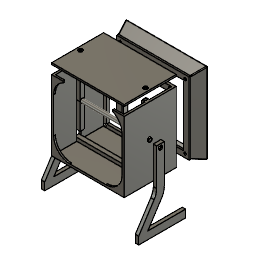
solder_fume_extractor (Autodesk Fusion 360 design; units mm, degrees)
part number: 2026-05-10-15-13-14-628
Autodesk Fusion 360 part; units mm, degrees
sketch "Sketch1" plane through (0, 0, 0) normal (0, 0, 1) x (1, 0, 0)
  line L0 (0, 0) -> (80, 0)
  line L1 (80, 0) -> (80, 80)
  line L2 (80, 80) -> (0, 80)
  line L3 (0, 80) -> (0, 0)
  line L4 (82.5, -2.5) -> (-2.5, -2.5)
  line L5 (-2.5, -2.5) -> (-2.5, 80)
  line L6 (-2.5, 80) -> (82.5, 80)
  line L7 (82.5, 80) -> (82.5, -2.5)
  line L8 (82.5, -2.5) -> (-2.5, 80) construction
  line L9 (-2.5, -2.5) -> (82.5, 80) construction
  point P0 (40, 38.75)
  dimension "d1" = 80
  dimension "d2" = 80
  dimension "d3" = 82.5
  dimension "d4" = 85
  dimension "d5" = 2.5
  constraint horizontal L0
  constraint vertical L1
  constraint horizontal L2
  constraint vertical L3
  constraint coincident L0.start L3.end
  constraint horizontal L4
  constraint perpendicular L4 L5
  constraint parallel L4 L6
  constraint parallel L5 L7
  constraint coincident L8 P0
  constraint coincident L9 P0
  measures "d1" distance of L0.start L0.end
  measures "d2" distance of L0.start L2.end
  measures "d3" distance of L4.end L5.end
  measures "d4" distance of L5.end L6.end
  measures "d5" distance of L3 L5
extrude "Extrude1" add sketch "Sketch1" along normal blind 26 contours L0 L1 L3 L4 L5 L6 L7 makes body 1
sketch "Sketch12" plane through (0, 0, 0) normal (0, 0, -1) x (-1, 0, 0)
  line L0 (-80, 80) -> (-82.5, 80)
  line L1 (-82.5, 80) -> (-82.5, -2.5)
  line L2 (-82.5, -2.5) -> (2.5, -2.5)
  line L3 (2.5, -2.5) -> (2.5, 80)
  line L4 (2.5, 80) -> (0, 80)
  line L5 (0, 80) -> (0, 0)
  line L6 (0, 0) -> (-80, 0)
  line L7 (-80, 0) -> (-80, 80)
  line L8 (-76, 4) -> (-4, 4)
  line L9 (-4, 4) -> (-4, 73.5)
  line L10 (-4, 73.5) -> (-76, 73.5)
  line L11 (-76, 73.5) -> (-76, 4)
  line L12 (0, 80) -> (-80, 80)
  line L13 (-80, 80) -> (-80, 0)
  line L14 (-80, 0) -> (0, 0)
  line L15 (0, 0) -> (0, 80)
  dimension "d34" = 6.5
  dimension "d35" = 4
  dimension "d36" = 4
  dimension "d37" = 4
  constraint horizontal L8
  constraint vertical L9
  constraint horizontal L10
  constraint vertical L11
  constraint horizontal L12
  constraint vertical L13
  constraint horizontal L14
  constraint vertical L15
  constraint coincident L6.end L7.start
  constraint coincident L4.end L5.start
  measures "d34" distance of L10 L12
  measures "d35" distance of L11 L13
  measures "d36" distance of L8 L14
  measures "d37" distance of L9 L15
extrude "Extrude12" add sketch "Sketch12" along normal blind 3 bodies 1
sketch "Sketch14" plane through (0, 0, 0) normal (0, 0, 1) x (1, 0, 0)
  line L0 (80, 0) -> (80, 80)
  line L1 (80, 80) -> (0, 80)
  line L2 (0, 80) -> (0, 0)
  line L3 (0, 0) -> (80, 0)
  line L4 (76, 73.5) -> (76, 4)
  line L5 (76, 4) -> (4, 4)
  line L6 (4, 4) -> (4, 73.5)
  line L7 (4, 73.5) -> (76, 73.5)
  circle A0 centre (78, 77.5) radius 1.5
  circle A1 centre (2, 77.5) radius 1.5
  circle A2 centre (2, 2) radius 1.5
  circle A3 centre (78, 2) radius 1.5
  dimension "d38" = 3
  dimension "d39" = 2
  dimension "d40" = 2.5
  dimension "d41" = 3
  dimension "d42" = 2.5
  dimension "d43" = 2
  dimension "d44" = 3
  dimension "d45" = 2
  dimension "d46" = 2
  dimension "d47" = 3
  dimension "d48" = 2
  dimension "d49" = 2
  measures "d38" diameter of A0
  measures "d39" distance of L0 A0.centre
  measures "d40" distance of L1 A0.centre
  measures "d41" diameter of A1
  measures "d42" distance of L1 A1.centre
  measures "d43" distance of L2 A1.centre
  measures "d44" diameter of A2
  measures "d45" distance of L2 A2.centre
  measures "d46" distance of L3 A2.centre
  measures "d47" diameter of A3
  measures "d48" distance of L0 A3.centre
  measures "d49" distance of L3 A3.centre
extrude "Extrude13" cut sketch "Sketch14" against normal blind 3 contours A0 | A1 | A2 | A3 bodies 1
sketch "Sketch17" plane through (0, 0, -3) normal (0, 0, -1) x (-1, 0, 0)
  line L0 (-82.5, 80) -> (-82.5, -2.5)
  line L1 (-82.5, -2.5) -> (2.5, -2.5)
  line L2 (2.5, -2.5) -> (2.5, 80)
  line L3 (-76, 4) -> (-76, 73.5)
  line L4 (-76, 73.5) -> (-4, 73.5)
  line L5 (-4, 73.5) -> (-4, 4)
  line L6 (-4, 4) -> (-76, 4)
  circle A0 centre (-2, 77.5) radius 1.5
  circle A1 centre (-78, 77.5) radius 1.5
  circle A2 centre (-2, 2) radius 1.5
  circle A3 centre (-78, 2) radius 1.5
  line L7 (-82.5, 82) -> (2.5, 82)
  line L8 (2.5, 80) -> (2.5, -2.5)
  line L9 (2.5, -2.5) -> (-82.5, -2.5)
  line L10 (-82.5, -2.5) -> (-82.5, 82)
  line L11 (2.5, 80) -> (2.5, 82)
extrude "Extrude15" add sketch "Sketch17" along normal blind 2 separate body contours L0 L1 L2 L7 L8 L9 L10 L11 | L3 L4 L5 L6 | A0 | A1 | A2 | A3 makes body 2
extrude "Extrude16" add 1 faces at (54.1667, 25, -5) along direction (0, 0, -1) blind 15 draft 20 on bodies 2 bodies 2
shell "Shell1" thickness 2 removed faces 1 at (55.9865, 55.6532, -20) on bodies 2
sketch "Sketch18" plane through (0, 0, -5) normal (0, 0, -1) x (-1, 0, 0)
  line L0 (-80.5, -0.5) -> (0.5, -0.5)
  line L1 (0.5, -0.5) -> (0.5, 80)
  line L2 (0.5, 80) -> (-80.5, 80)
  line L3 (-80.5, 80) -> (-80.5, -0.5)
  circle A0 centre (-78, 77.5) radius 1.5
  circle A1 centre (-2, 77.5) radius 1.5
  circle A2 centre (-78, 2) radius 1.5
  circle A3 centre (-2, 2) radius 1.5
  line L4 (-76, 75.5) -> (-4, 75.5)
  line L5 (-4, 75.5) -> (-4, 4)
  line L6 (-4, 4) -> (-76, 4)
  line L7 (-76, 4) -> (-76, 75.5)
  dimension "d59" = 3
  dimension "d60" = 2.5
  dimension "d61" = 2.5
  dimension "d62" = 3
  dimension "d63" = 2.5
  dimension "d64" = 2.5
  dimension "d65" = 3
  dimension "d66" = 2.5
  dimension "d67" = 2.5
  dimension "d68" = 3
  dimension "d69" = 2.5
  dimension "d70" = 2.5
  dimension "d71" = 4.5
  dimension "d72" = 4.5
  dimension "d73" = 4.5
  dimension "d74" = 4.5
  constraint horizontal L4
  constraint vertical L5
  constraint horizontal L6
  constraint vertical L7
  measures "d59" diameter of A0
  measures "d60" distance of L2 A0.centre
  measures "d61" distance of L3 A0.centre
  measures "d62" diameter of A1
  measures "d63" distance of L2 A1.centre
  measures "d64" distance of L1 A1.centre
  measures "d65" diameter of A2
  measures "d66" distance of L0 A2.centre
  measures "d67" distance of L3 A2.centre
  measures "d68" diameter of A3
  measures "d69" distance of L0 A3.centre
  measures "d70" distance of L1 A3.centre
  measures "d71" distance of L0 L6
  measures "d72" distance of L3 L7
  measures "d73" distance of L2 L4
  measures "d74" distance of L1 L5
extrude "Extrude17" cut sketch "Sketch18" against normal blind 2 contours A0 | A1 | A2 | A3 | L4 L5 L6 L7 bodies 2
move_body "Move1" bodies 2 to x (1, 0, 0) y (0, 1, 0) z (0, 0, 1) at (0, 0, -15)
sketch "Sketch20" plane through (0, 80, 0) normal (0, 1, 0) x (-1, 0, 0)
  line L0 (-80, 0) -> (-80, 26)
  line L1 (0, 26) -> (0, 0)
  line L2 (0, 0) -> (-80, 0)
  line L3 (-82.5, 26) -> (-82.5, -3)
  line L4 (-82.5, -3) -> (2.5, -3)
  line L5 (2.5, -3) -> (2.5, 26)
  line L6 (2.5, -3) -> (-82.5, -3)
  line L7 (-82.5, -3) -> (-82.5, 37)
  line L8 (-82.5, 37) -> (2.5, 37)
  line L9 (2.5, 37) -> (2.5, -3)
  line L10 (-80, 26) -> (-82.5, 26)
  line L11 (2.5, 26) -> (0, 26)
  dimension "d78" = 40
  constraint horizontal L6
  constraint vertical L7
  constraint horizontal L8
  constraint coincident L4.end L5.start
  measures "d78" distance of L4.end L8.end
sketch "Sketch22" plane through (0, 0, 26) normal (0, 0, 1) x (1, 0, 0)
  line L0 (82.5, 80) -> (80, 80)
  line L1 (80, 80) -> (80, 0)
  line L2 (80, 0) -> (0, 0)
  line L3 (0, 0) -> (0, 80)
  line L4 (0, 80) -> (-2.5, 80)
  line L5 (-2.5, 80) -> (-2.5, -2.5)
  line L6 (-2.5, -2.5) -> (82.5, -2.5)
  line L7 (82.5, -2.5) -> (82.5, 80)
  line L8 (76, 4) -> (4, 4)
  line L9 (4, 4) -> (4, 80)
  line L10 (4, 80) -> (76, 80)
  line L11 (76, 80) -> (76, 4)
  line L12 (-2.5, 80) -> (80, 80)
  line L13 (80, 80) -> (80, 0)
  line L14 (80, 0) -> (-2.5, 0)
  line L15 (-2.5, 0) -> (-2.5, 80)
  constraint horizontal L8
  constraint vertical L9
  constraint horizontal L10
  constraint vertical L11
  constraint horizontal L12
  constraint vertical L13
  constraint horizontal L14
  constraint vertical L15
  constraint coincident L1.end L2.start
  constraint coincident L4.end L5.start
extrude "Extrude19" add sketch "Sketch22" along normal blind 5 contours L0 L1 L2 L5 L6 L7 L13 L14 | L1 L2 L3 L8 L9 L11 L12 L13 L14 | L3 L4 L5 L12 L14 L15 bodies 1
sketch "Sketch23" plane through (0, 0, 31) normal (0, 0, 1) x (1, 0, 0)
  line L0 (-2.5, -2.5) -> (82.5, -2.5)
  line L1 (82.5, -2.5) -> (82.5, 80)
  line L2 (76, 80) -> (76, 4)
  line L3 (76, 4) -> (4, 4)
  line L4 (4, 4) -> (4, 80)
  line L5 (-2.5, 80) -> (-2.5, -2.5)
  line L6 (0, 0) -> (80, 0)
  line L7 (80, 0) -> (80, 80)
  line L8 (80, 80) -> (0, 80)
  line L9 (0, 80) -> (0, 0)
  line L10 (82.5, -2.5) -> (-2.5, -2.5)
  line L11 (-2.5, -2.5) -> (-2.5, 80)
  line L12 (-2.5, 80) -> (82.5, 80)
  line L13 (82.5, 80) -> (82.5, -2.5)
  line L14 (82.5, 80) -> (76, 80)
  line L15 (4, 80) -> (-2.5, 80)
  constraint horizontal L6
  constraint vertical L7
  constraint horizontal L8
  constraint vertical L9
  constraint coincident L6.start L9.end
  constraint horizontal L10
  constraint vertical L11
  constraint horizontal L12
  constraint vertical L13
  constraint coincident L5.start L11.end
  constraint coincident L0.end L1.start
extrude "Extrude20" add sketch "Sketch23" along normal blind 25 contours L0 L1 L5 L6 L7 L9 L10 L11 L12 L13 L14 L15 bodies 1
sketch "Sketch29" plane through (0, 0, 56) normal (0, 0, 1) x (1, 0, 0)
  line L0 (82.5, 80) -> (80, 80)
  line L1 (80, 80) -> (80, 0)
  line L2 (80, 0) -> (0, 0)
  line L3 (0, 0) -> (0, 80)
  line L4 (0, 80) -> (-2.5, 80)
  line L5 (-2.5, 80) -> (-2.5, -2.5)
  line L6 (-2.5, -2.5) -> (82.5, -2.5)
  line L7 (82.5, -2.5) -> (82.5, 80)
  line L8 (19, 80) -> (18, 80)
  line L9 (0, 62) -> (0, 61)
  line L10 (61, 80) -> (62, 80)
  line L11 (80, 62) -> (80, 61)
  line L12 (61, 0) -> (62, 0)
  line L13 (80, 18) -> (80, 19)
  line L14 (19, 0) -> (18, 0)
  line L15 (0, 18) -> (0, 19)
  arc A0 (0, 19) -> (19, 0) centre (19, 19) ccw
  line L16 (18, 0) -> (0, 0)
  line L17 (0, 0) -> (0, 18)
  arc A1 (61, 0) -> (80, 19) centre (61, 19) ccw
  line L18 (62, 0) -> (80, 0)
  line L19 (80, 0) -> (80, 18)
  arc A2 (80, 61) -> (61, 80) centre (61, 61) ccw
  line L20 (61, 80) -> (80, 80)
  line L21 (80, 80) -> (80, 61)
  arc A3 (19, 80) -> (0, 61) centre (19, 61) ccw
  line L22 (19, 80) -> (0, 80)
  line L23 (0, 80) -> (0, 61)
  line L24 (11, 80) -> (11, 78.2337)
  line L25 (69, 80) -> (69, 78.2337)
  dimension "d234" = 19
  dimension "d235" = 19
  dimension "d236" = 19
  dimension "d237" = 19
  dimension "d241" = 2.5
  dimension "d242" = 2.5
  dimension "d243" = 2.5
  dimension "d244" = 2.5
  dimension "d245" = 2.5
  dimension "d246" = 2.5
  constraint horizontal L8
  constraint vertical L9
  constraint horizontal L10
  constraint vertical L11
  constraint horizontal L12
  constraint vertical L13
  constraint horizontal L14
  constraint vertical L15
  constraint tangent L14 A0
  constraint tangent L15 A0
  constraint horizontal L16
  constraint vertical L17
  constraint tangent L12 A1
  constraint tangent L13 A1
  constraint horizontal L18
  constraint vertical L19
  constraint tangent L11 A2
  constraint tangent L10 A2
  constraint horizontal L20
  constraint vertical L21
  constraint tangent L8 A3
  constraint tangent L9 A3
  constraint horizontal L22
  constraint vertical L23
  constraint coincident L22 L24.start
  constraint coincident A3 L24.end
  constraint perpendicular L22 L24
  constraint coincident L20 L25.start
  constraint coincident A2 L25.end
  constraint perpendicular L20 L25
  measures "d234" radius of A0
  measures "d235" radius of A1
  measures "d236" radius of A2
  measures "d237" radius of A3
  measures "d241" distance of L7 L21
  measures "d242" distance of L7 L19
  measures "d243" distance of L5 L17
  measures "d244" distance of L6 L16
  measures "d245" distance of L6 L18
  measures "d246" distance of L5 L23
sketch "Sketch30" plane through (0, 80, 0) normal (0, 1, 0) x (-1, 0, 0)
  line L0 (-80, 0) -> (-80, 26)
  line L1 (-80, 26) -> (-76, 26)
  line L2 (-76, 26) -> (-76, 31)
  line L3 (-76, 31) -> (-80, 31)
  line L4 (-80, 31) -> (-80, 56)
  line L5 (-82.5, 56) -> (-82.5, -3)
  line L6 (-82.5, -3) -> (2.5, -3)
  line L7 (2.5, -3) -> (2.5, 56)
  line L8 (0, 56) -> (0, 31)
  line L9 (0, 31) -> (-4, 31)
  line L10 (-4, 31) -> (-4, 26)
  line L11 (-4, 26) -> (0, 26)
  line L12 (0, 26) -> (0, 0)
  line L13 (0, 0) -> (-80, 0)
  line L14 (2.5, -3) -> (-82.5, -3)
  line L15 (-82.5, -3) -> (-82.5, 58)
  line L16 (-82.5, 58) -> (2.5, 58)
  line L17 (2.5, 58) -> (2.5, -3)
  circle A0 centre (-2, 28.5) radius 1.5
  circle A1 centre (-78, 28.5) radius 1.5
  line L18 (-80, 56) -> (-82.5, 56)
  line L19 (2.5, 56) -> (0, 56)
  dimension "d115" = 61
  dimension "d116" = 85
  dimension "d117" = 3
  dimension "d118" = 2
  dimension "d119" = 2.5
  dimension "d120" = 3
  dimension "d121" = 2.5
  dimension "d122" = 2
  constraint horizontal L14
  constraint vertical L15
  constraint horizontal L16
  constraint vertical L17
  constraint coincident L6.end L7.start
  measures "d115" distance of L6.end L16.end
  measures "d116" distance of L6.end L5.end
  measures "d117" diameter of A0
  measures "d118" distance of L10 A0.centre
  measures "d119" distance of L11 A0.centre
  measures "d120" diameter of A1
  measures "d121" distance of L1 A1.centre
  measures "d122" distance of L2 A1.centre
extrude "Extrude26" add sketch "Sketch30" along normal blind 2 separate body makes body 3
move_body "Move2" bodies 3 to x (1, 0, 0) y (0, 1, 0) z (0, 0, 1) at (0, 10, 0)
sketch "Sketch31" plane through (0, 80, 0) normal (0, 1, 0) x (-1, 0, 0)
  line L0 (-80, 0) -> (-80, 26)
  line L1 (-80, 26) -> (-76, 26)
  line L2 (-76, 26) -> (-76, 31)
  line L3 (-76, 31) -> (-80, 31)
  line L4 (-80, 31) -> (-80, 56)
  line L5 (-82.5, 56) -> (-82.5, -3)
  line L6 (-82.5, -3) -> (2.5, -3)
  line L7 (2.5, -3) -> (2.5, 56)
  line L8 (0, 56) -> (0, 31)
  line L9 (0, 31) -> (-4, 31)
  line L10 (-4, 31) -> (-4, 26)
  line L11 (-4, 26) -> (0, 26)
  line L12 (0, 26) -> (0, 0)
  line L13 (0, 0) -> (-80, 0)
  circle A0 centre (-2, 28.5) radius 1.5
  circle A1 centre (-78, 28.5) radius 1.5
  line L14 (-80, 56) -> (-82.5, 56)
  line L15 (2.5, 56) -> (0, 56)
  dimension "d125" = 3
  dimension "d126" = 2
  dimension "d127" = 2.5
  dimension "d128" = 3
  dimension "d129" = 2
  dimension "d130" = 2.5
  measures "d125" diameter of A0
  measures "d126" distance of L10 A0.centre
  measures "d127" distance of L11 A0.centre
  measures "d128" diameter of A1
  measures "d129" distance of L2 A1.centre
  measures "d130" distance of L1 A1.centre
extrude "Extrude27" cut sketch "Sketch31" against normal blind 3 contours A0 | A1 bodies 1
sketch "Sketch33" plane through (76, 0, 0) normal (-1, 0, 0) x (0, 0, 1)
  line L0 (26, 80) -> (26, 4)
  line L1 (26, 4) -> (31, 4)
  line L2 (31, 4) -> (31, 80)
  line L3 (31, 80) -> (26, 80)
  circle A0 centre (28.5, 42) radius 2.5
  dimension "d133" = 5
  dimension "d134" = 2.5
  dimension "d135" = 38
  dimension "d136" = 38
  measures "d133" diameter of A0
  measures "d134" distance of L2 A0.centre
────
What you are asked to do:
Check the entries above line by line and return each one containing the word "Autodesk".

Solution to this task:
solder_fume_extractor (Autodesk Fusion 360 design; units mm, degrees)
Autodesk Fusion 360 part; units mm, degrees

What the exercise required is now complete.